La loi du 26 mai 2004, entrée en vigueur le 1er janvier 2005, a réformé la procédure de divorce.


Le but du législateur était de pacifier les procédures de divorce.


 


Mais contrairement aux idées reçues :


 


1-    Le divorce pour faute existe toujours. L’apport de la nouvelle loi réside dans le fait qu’un époux à l’encontre duquel le divorce est prononcé à ses torts exclusifs peut, contrairement à ce qui était précédemment le cas,  demander la condamnation de son conjoint à lui verser une prestation compensatoire.


2-    La séparation de fait des époux depuis au moins deux ans n’entraine pas de façon automatique le divorce. En effet, les époux doivent tout de même engager une procédure en divorce. Par contre dès lors que les époux sont séparés de fait depuis 2 ans au moins à compter de l’assignation en divorce, le juge n’aura d’autre choix que de  prononcer le divorce. Le divorce sera alors soit prononcer pour rupture définitive du lien conjugal (séparation depuis deux ans) soit pour fautes, si l’époux défendeur a formé une demande reconventionnelle en divorce pour faute.


 


Désormais, le divorce peut être prononcé sur les fondements suivants :


-          consentement mutuel ;


-          acceptation du principe de la rupture du mariage ;


-          altération définitive du lien conjugal ;


-          faute.


 


I - Le divorce par consentement mutuel


 


Cette procédure implique que les époux s’accordent sur le principe de la séparation et sur ses conséquences à savoir notamment : la résidence des enfants, le droit de visite et d’hébergement du parent chez lequel la résidence habituelle des enfants n’est pas fixée, la pension alimentaire au titre de la part contributive des parents à l’entretien et l’éducation des enfants, le partage des biens et des dettes, la prestation compensatoire …

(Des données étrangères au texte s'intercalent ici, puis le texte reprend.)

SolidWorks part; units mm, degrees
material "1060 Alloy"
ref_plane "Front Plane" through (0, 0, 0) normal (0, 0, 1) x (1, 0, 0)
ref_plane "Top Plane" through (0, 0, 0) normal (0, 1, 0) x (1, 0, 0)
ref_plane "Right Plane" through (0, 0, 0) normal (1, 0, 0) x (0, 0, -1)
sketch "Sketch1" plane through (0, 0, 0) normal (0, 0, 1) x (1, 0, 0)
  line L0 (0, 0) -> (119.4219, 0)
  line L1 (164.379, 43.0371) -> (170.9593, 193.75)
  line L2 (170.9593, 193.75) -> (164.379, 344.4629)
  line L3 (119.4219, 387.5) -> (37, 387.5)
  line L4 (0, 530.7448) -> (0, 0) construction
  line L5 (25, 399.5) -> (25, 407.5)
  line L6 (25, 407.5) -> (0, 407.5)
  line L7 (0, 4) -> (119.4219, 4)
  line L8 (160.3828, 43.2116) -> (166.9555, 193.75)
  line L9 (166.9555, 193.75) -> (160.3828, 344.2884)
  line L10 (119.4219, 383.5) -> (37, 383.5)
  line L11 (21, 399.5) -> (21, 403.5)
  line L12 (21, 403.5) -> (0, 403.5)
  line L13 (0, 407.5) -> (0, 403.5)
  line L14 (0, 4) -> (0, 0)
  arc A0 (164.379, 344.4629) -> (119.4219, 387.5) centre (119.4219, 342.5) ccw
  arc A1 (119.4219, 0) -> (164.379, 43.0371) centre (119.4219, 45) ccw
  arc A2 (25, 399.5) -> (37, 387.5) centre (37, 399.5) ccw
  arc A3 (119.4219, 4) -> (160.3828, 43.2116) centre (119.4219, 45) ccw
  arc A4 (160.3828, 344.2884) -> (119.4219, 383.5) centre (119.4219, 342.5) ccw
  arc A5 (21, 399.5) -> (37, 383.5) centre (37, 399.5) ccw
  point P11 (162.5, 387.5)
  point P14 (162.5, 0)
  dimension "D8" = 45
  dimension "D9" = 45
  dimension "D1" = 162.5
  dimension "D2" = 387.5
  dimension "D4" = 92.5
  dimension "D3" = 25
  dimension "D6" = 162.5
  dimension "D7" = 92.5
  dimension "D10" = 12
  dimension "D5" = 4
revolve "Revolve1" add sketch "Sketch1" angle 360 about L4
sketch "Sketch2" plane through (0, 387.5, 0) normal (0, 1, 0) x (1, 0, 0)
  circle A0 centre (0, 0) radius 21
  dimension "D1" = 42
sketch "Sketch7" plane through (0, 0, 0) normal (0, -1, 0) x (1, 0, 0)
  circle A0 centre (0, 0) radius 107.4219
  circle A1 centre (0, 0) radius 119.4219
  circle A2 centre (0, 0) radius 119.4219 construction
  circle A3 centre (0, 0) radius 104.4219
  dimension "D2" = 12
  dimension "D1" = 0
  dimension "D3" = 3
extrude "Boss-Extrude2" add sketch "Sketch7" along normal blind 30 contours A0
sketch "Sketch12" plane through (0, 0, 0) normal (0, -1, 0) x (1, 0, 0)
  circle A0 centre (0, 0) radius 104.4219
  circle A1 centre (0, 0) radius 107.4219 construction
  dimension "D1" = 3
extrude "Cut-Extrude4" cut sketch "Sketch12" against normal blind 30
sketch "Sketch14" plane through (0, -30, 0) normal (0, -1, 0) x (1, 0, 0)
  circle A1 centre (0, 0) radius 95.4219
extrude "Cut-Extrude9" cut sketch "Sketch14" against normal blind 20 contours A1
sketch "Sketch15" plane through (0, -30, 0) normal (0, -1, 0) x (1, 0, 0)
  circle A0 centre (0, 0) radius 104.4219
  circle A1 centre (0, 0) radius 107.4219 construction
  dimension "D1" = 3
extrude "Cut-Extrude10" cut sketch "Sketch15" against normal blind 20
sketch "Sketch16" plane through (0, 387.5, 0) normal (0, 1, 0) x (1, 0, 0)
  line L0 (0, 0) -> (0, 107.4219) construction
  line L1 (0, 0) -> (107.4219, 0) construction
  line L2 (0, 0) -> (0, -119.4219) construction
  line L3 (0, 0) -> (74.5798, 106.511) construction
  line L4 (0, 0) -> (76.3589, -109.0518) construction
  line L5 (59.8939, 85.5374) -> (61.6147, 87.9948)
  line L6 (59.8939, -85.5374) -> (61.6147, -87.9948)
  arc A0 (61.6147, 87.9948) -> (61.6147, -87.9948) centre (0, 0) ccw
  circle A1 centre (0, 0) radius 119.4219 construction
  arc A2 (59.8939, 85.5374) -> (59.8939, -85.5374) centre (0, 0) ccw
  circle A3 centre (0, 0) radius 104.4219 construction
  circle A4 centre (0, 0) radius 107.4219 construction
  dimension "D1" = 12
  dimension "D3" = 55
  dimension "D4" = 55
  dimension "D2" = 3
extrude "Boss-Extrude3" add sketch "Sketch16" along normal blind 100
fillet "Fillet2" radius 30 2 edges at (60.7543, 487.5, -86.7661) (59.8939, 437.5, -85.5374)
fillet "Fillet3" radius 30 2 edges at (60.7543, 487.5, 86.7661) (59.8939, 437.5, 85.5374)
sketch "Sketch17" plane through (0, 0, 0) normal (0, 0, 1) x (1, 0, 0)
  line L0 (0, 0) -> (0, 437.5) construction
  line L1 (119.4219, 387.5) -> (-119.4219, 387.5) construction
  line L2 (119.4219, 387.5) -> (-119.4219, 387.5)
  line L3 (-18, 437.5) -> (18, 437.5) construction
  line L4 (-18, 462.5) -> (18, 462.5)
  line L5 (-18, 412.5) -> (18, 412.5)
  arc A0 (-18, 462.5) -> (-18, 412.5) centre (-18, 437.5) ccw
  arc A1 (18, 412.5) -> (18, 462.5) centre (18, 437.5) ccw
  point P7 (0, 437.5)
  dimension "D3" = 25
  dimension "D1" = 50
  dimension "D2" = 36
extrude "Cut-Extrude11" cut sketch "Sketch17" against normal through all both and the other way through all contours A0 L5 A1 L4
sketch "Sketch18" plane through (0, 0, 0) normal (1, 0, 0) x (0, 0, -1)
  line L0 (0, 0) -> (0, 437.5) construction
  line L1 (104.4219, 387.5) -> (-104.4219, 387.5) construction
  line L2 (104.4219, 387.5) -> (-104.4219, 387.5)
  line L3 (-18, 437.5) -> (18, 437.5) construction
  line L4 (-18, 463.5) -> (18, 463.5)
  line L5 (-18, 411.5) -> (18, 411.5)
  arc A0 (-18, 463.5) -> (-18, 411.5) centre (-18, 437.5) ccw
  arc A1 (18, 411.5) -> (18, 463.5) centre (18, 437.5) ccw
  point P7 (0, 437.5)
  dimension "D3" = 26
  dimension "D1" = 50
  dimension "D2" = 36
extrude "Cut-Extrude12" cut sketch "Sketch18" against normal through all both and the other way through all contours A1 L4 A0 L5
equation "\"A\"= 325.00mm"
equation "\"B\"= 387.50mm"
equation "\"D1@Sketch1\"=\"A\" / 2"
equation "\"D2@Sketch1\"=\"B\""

Dans l’hypothèse où les époux sont propriétaires d’un ou plusieurs biens immobiliers, ce divorce suppose que les biens immobiliers aient été  vendus avant la signature de la requête en divorce, ou alors que les époux aient signés chez Notaire un acte liquidatif de leur régime matrimonial (portant sur l’attribution à l’un ou l’autre des époux du ou des biens immobiliers à charge de verser une éventuelle soulte ou  conclusions d’une convention d’indivision). Cet acte liquidatif sera annexé à la requête en divorce et sera soumis à l’homologation du juge.


 


En tout état de cause, il est conseillé aux époux de consulter un Avocat avant la vente du ou des biens immobiliers ou avant la signature chez un Notaire d’un acte liquidatif, afin que l’Avocat puisse conseiller les époux quant à la solution la plus adaptée à leur situation.


 


En effet, l’Avocat, expert praticien de la procédure de divorce  est le professionnel  à même de conseiller utilement les époux sur les conséquences du divorce, la liquidation de leur régime matrimonial (ces deux conséquences pouvant être liées l’une à l’autre) et la procédure la plus adaptée à chaque cas.


 


Dès lors que les époux, conseillés par leur(s) Avocat(s)  ont choisi le moyen de procéder à la liquidation de leur régime matrimonial, l’Avocat sera en mesure de rédiger la requête en divorce ainsi que la convention réglant les conséquences du divorce qui sera signé par chacun des époux et leur(s) Avocat(s).


 


Une fois la requête déposée au Tribunal, le Greffier informera l’Avocat de la date d’audience.


 


Alors qu’avant la réforme de 2004, les époux devaient se présenter devant le Juge à deux reprises,  ils ne doivent désormais se présenter qu’une seule et unique fois devant le Juge aux Affaires Familiales.


 


Au cours de cette audience unique, le Juge examinera la convention réglant les conséquences du divorce  et l’éventuel acte liquidatif établi par le Notaire. Et s’assurera que les accords intervenus sauvegardent l’intérêt de chacun des époux et des enfants.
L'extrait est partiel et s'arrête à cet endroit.